# Wie realisiert man einen HTML-Chat?



## JanHH (5. Okt 2009)

Hallo,

wenn man einen Chat-Client programmieren will, der nicht auf java-Applets basiert, sondern pures HTML ist.. wie macht man das dann? Der Browser ist ja "passiv" und merkt nicht von selber, wenn jemand im Chat was gesagt hat, was dann der Anzeige hinzugefügt werden muss, sondern muss sich auf eigene Initiative beim Server melden, um Aktualisierungen mitgeteilt zu bekommen. Gibt es dafür überhaupt vernünftige Techniken? Das einzige was mir dazu spontan einfällt ist, dass javascript in einer Endlosschleife läuft und alle 10 sec. (oder wie auch immer) einen Request an den Server sendet, ob neue Messages da sind, und diese dann in das Dokument einbaut. Also eine ajax-ähnliche Lösung. Kommt mir aber ziemlich aufwändig vor. Vor Jahren hatte ich mal einen Chat gesehen, wo die Anzeige der Messages in einem Frame quasi ein "endloser HTML-Strom" war, also ein HTML-Dokument, was nicht "am Stück" übertragen wurde, sondern nach und nach um die neuen Messages erweitert wurde. Kommt mir aber auch eher wie eine kranke Lösung vor.

Gruß
Jan


----------



## maki (5. Okt 2009)

> Das einzige was mir dazu spontan einfällt ist, dass javascript in einer Endlosschleife läuft und alle 10 sec. (oder wie auch immer) einen Request an den Server sendet, ob neue Messages da sind, und diese dann in das Dokument einbaut. Also eine ajax-ähnliche Lösung.

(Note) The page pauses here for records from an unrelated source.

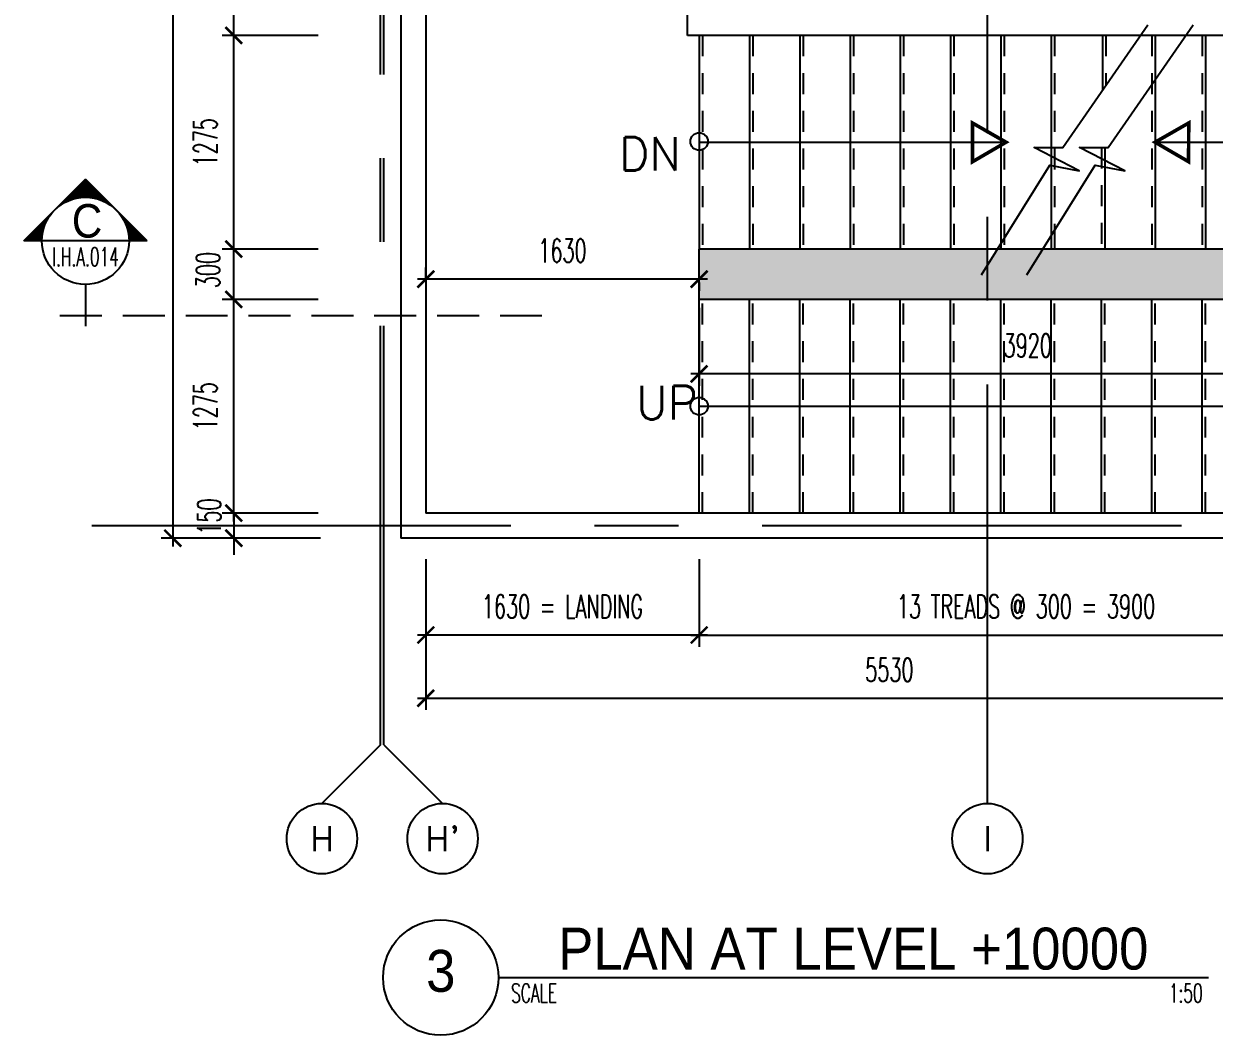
# Model space of a CAD drawing. Extents: x 417906 to 836305, y 43280 to 86914.
# Drawn here: x 418130.73 to 418137.83, y 43458.99 to 43465.02 of the extents above; entities that cross this region are included whole.
import ezdxf
from ezdxf.enums import TextEntityAlignment as Align

# ---------------------------------------------------------------- set-up
doc = ezdxf.new("R2010")
doc.units = 0
doc.header["$MEASUREMENT"] = 0
doc.header["$PDMODE"] = 3
doc.header["$PDSIZE"] = 0.1
for name, pattern in [('CENTERX2', [4, 2.5, -0.5, 0.5, -0.5]), ('HIDDEN', [0.375, 0.25, -0.125]), ('HIDDEN2', [0.1875, 0.125, -0.0625])]:
    doc.linetypes.add(name, pattern=pattern)
doc.layers.get('0').update_dxf_attribs({"linetype": 'CONTINUOUS'})
doc.layers.get('DEFPOINTS').update_dxf_attribs({"linetype": 'CONTINUOUS'})
for name, color, linetype in [('AX-CR', 2, 'CONTINUOUS'), ('AX-TXT', 4, 'CONTINUOUS'), ('AXES', 11, 'CENTERX2'), ('Axisname', 6, 'CONTINUOUS'), ('DIM-OUT', 4, 'CONTINUOUS'), ('ELEV-MARK', 6, 'CONTINUOUS'), ('Hatch', 11, 'CONTINUOUS'), ('RM-NAME', 2, 'CONTINUOUS'), ('STR', 5, 'CONTINUOUS'), ('TXT1', 2, 'CONTINUOUS'), ('TXT2', 6, 'CONTINUOUS'), ('WALL', 6, 'CONTINUOUS')]:
    doc.layers.add(name, color=color, linetype=linetype)
doc.styles.add('ROMANS', font='ROMANS.shx', dxfattribs={"width": 0.6})
doc.styles.add('TTXT', font='swisse.ttf', dxfattribs={"width": 0.6})
doc.dimstyles.new('STANDARD in', dxfattribs={"dimtxt": 0.14, "dimasz": 0.1, "dimexe": 0.07, "dimexo": 0.05, "dimgap": 0.1, "dimtad": 1, "dimdec": 0, "dimlfac": 1000, "dimzin": 0, "dimdsep": 46, "dimtxsty": 'ROMANS', "dimblk": 'ARCHTICK', "dimcen": 0.05, "dimdle": 0.05, "dimclrd": 4, "dimclre": 4, "dimclrt": 2, "dimadec": 0, "dimazin": 0, "dimtfac": 1, "dimtdec": 0, "dimtmove": 2, "dimatfit": 3, "dimfxl": 0, "dimtolj": 1, "dimtzin": 0, "dimarcsym": 0})

# ---------------------------------------------------------------- blocks, each defined once
blk = doc.blocks.new('AXR')
at = {"layer": 'AX-CR'}
blk.add_circle((350, 0), 350, dxfattribs=at)
at = {"layer": 'AX-TXT', "style": 'ROMANS'}
blk.add_attdef('AX', text='', height=250, dxfattribs=at).set_placement((350, 0), align=Align.MIDDLE)
blk = doc.blocks.new('_ARCHTICK')
at = {"color": 0, "linetype": 'ByBlock', "const_width": 0.15}
blk.add_lwpolyline([(-0.5, -0.5), (0.5, 0.5)], dxfattribs=at)
blk = doc.blocks.new('*D123')
at = {"layer": 'DEFPOINTS', "color": 0}
for p in [(418131.9833, 43463.3772), (418132.536, 43463.3772), (418132.536, 43462.1022)]:
    blk.add_point(p, dxfattribs=at)
at = {"layer": 'DIM-OUT', "color": 4, "lineweight": -2}
for p, q in [((418132.486, 43463.3772), (418131.9133, 43463.3772)), ((418131.9833, 43462.0522), (418131.9833, 43463.4272)), ((418132.486, 43462.1022), (418131.9133, 43462.1022))]:
    blk.add_line(p, q, dxfattribs=at)
at = {"layer": 'DIM-OUT', "color": 4, "lineweight": -2, "xscale": 0.1, "yscale": 0.1, "zscale": 0.1}
for p, rotation in [((418131.9833, 43463.3772), 90), ((418131.9833, 43462.1022), 270)]:
    blk.add_blockref('_ARCHTICK', p, dxfattribs=dict(at, rotation=rotation))
at = {"layer": 'DIM-OUT', "color": 2, "insert": (418131.8133, 43462.7397), "char_height": 0.14, "attachment_point": 5, "rotation": 90, "style": 'ROMANS'}
blk.add_mtext('\\A1;1275', dxfattribs=at)
blk = doc.blocks.new('*D122')
at = {"layer": 'DEFPOINTS', "color": 0}
for p in [(418131.9833, 43463.6772), (418132.536, 43463.6772), (418132.536, 43463.3772)]:
    blk.add_point(p, dxfattribs=at)
at = {"layer": 'DIM-OUT', "color": 4, "lineweight": -2}
for p, q in [((418131.9833, 43463.3272), (418131.9833, 43463.7272)), ((418132.486, 43463.6772), (418131.9133, 43463.6772)), ((418132.486, 43463.3772), (418131.9133, 43463.3772))]:
    blk.add_line(p, q, dxfattribs=at)
at = {"layer": 'DIM-OUT', "color": 4, "lineweight": -2, "xscale": 0.1, "yscale": 0.1, "zscale": 0.1}
for p, rotation in [((418131.9833, 43463.6772), 90), ((418131.9833, 43463.3772), 270)]:
    blk.add_blockref('_ARCHTICK', p, dxfattribs=dict(at, rotation=rotation))
at = {"layer": 'DIM-OUT', "color": 2, "insert": (418131.8294, 43463.5517), "char_height": 0.14, "attachment_point": 5, "rotation": 90, "style": 'ROMANS'}
blk.add_mtext('\\A1;300', dxfattribs=at)
blk = doc.blocks.new('*D121')
at = {"layer": 'DEFPOINTS', "color": 0}
for p in [(418131.9833, 43464.9522), (418132.536, 43464.9522), (418132.536, 43463.6772)]:
    blk.add_point(p, dxfattribs=at)
at = {"layer": 'DIM-OUT', "color": 4, "lineweight": -2}
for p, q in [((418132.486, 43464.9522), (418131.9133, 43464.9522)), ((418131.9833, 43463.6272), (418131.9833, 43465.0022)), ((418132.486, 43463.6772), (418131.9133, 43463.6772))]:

Und warum dann nicht gleich AJAX?



> . Vor Jahren hatte ich mal einen Chat gesehen, wo die Anzeige der Messages in einem Frame quasi ein "endloser HTML-Strom" war, also ein HTML-Dokument, was nicht "am Stück" übertragen wurde, sondern nach und nach um die neuen Messages erweitert wurde. Kommt mir aber auch eher wie eine kranke Lösung vor.


Das ist auch AJAX.


----------



## JanHH (6. Okt 2009)

Nein, das war kein ajax, das war völlig javascript-frei..

Hätte halt gerne eine "html pur"-Lösung. Ist allerdings eh rein theoretisch, ich will sowas nicht programmieren. Bin nur neugierig, wie man das macht.


----------



## Noctarius (6. Okt 2009)

HTML-Stream


----------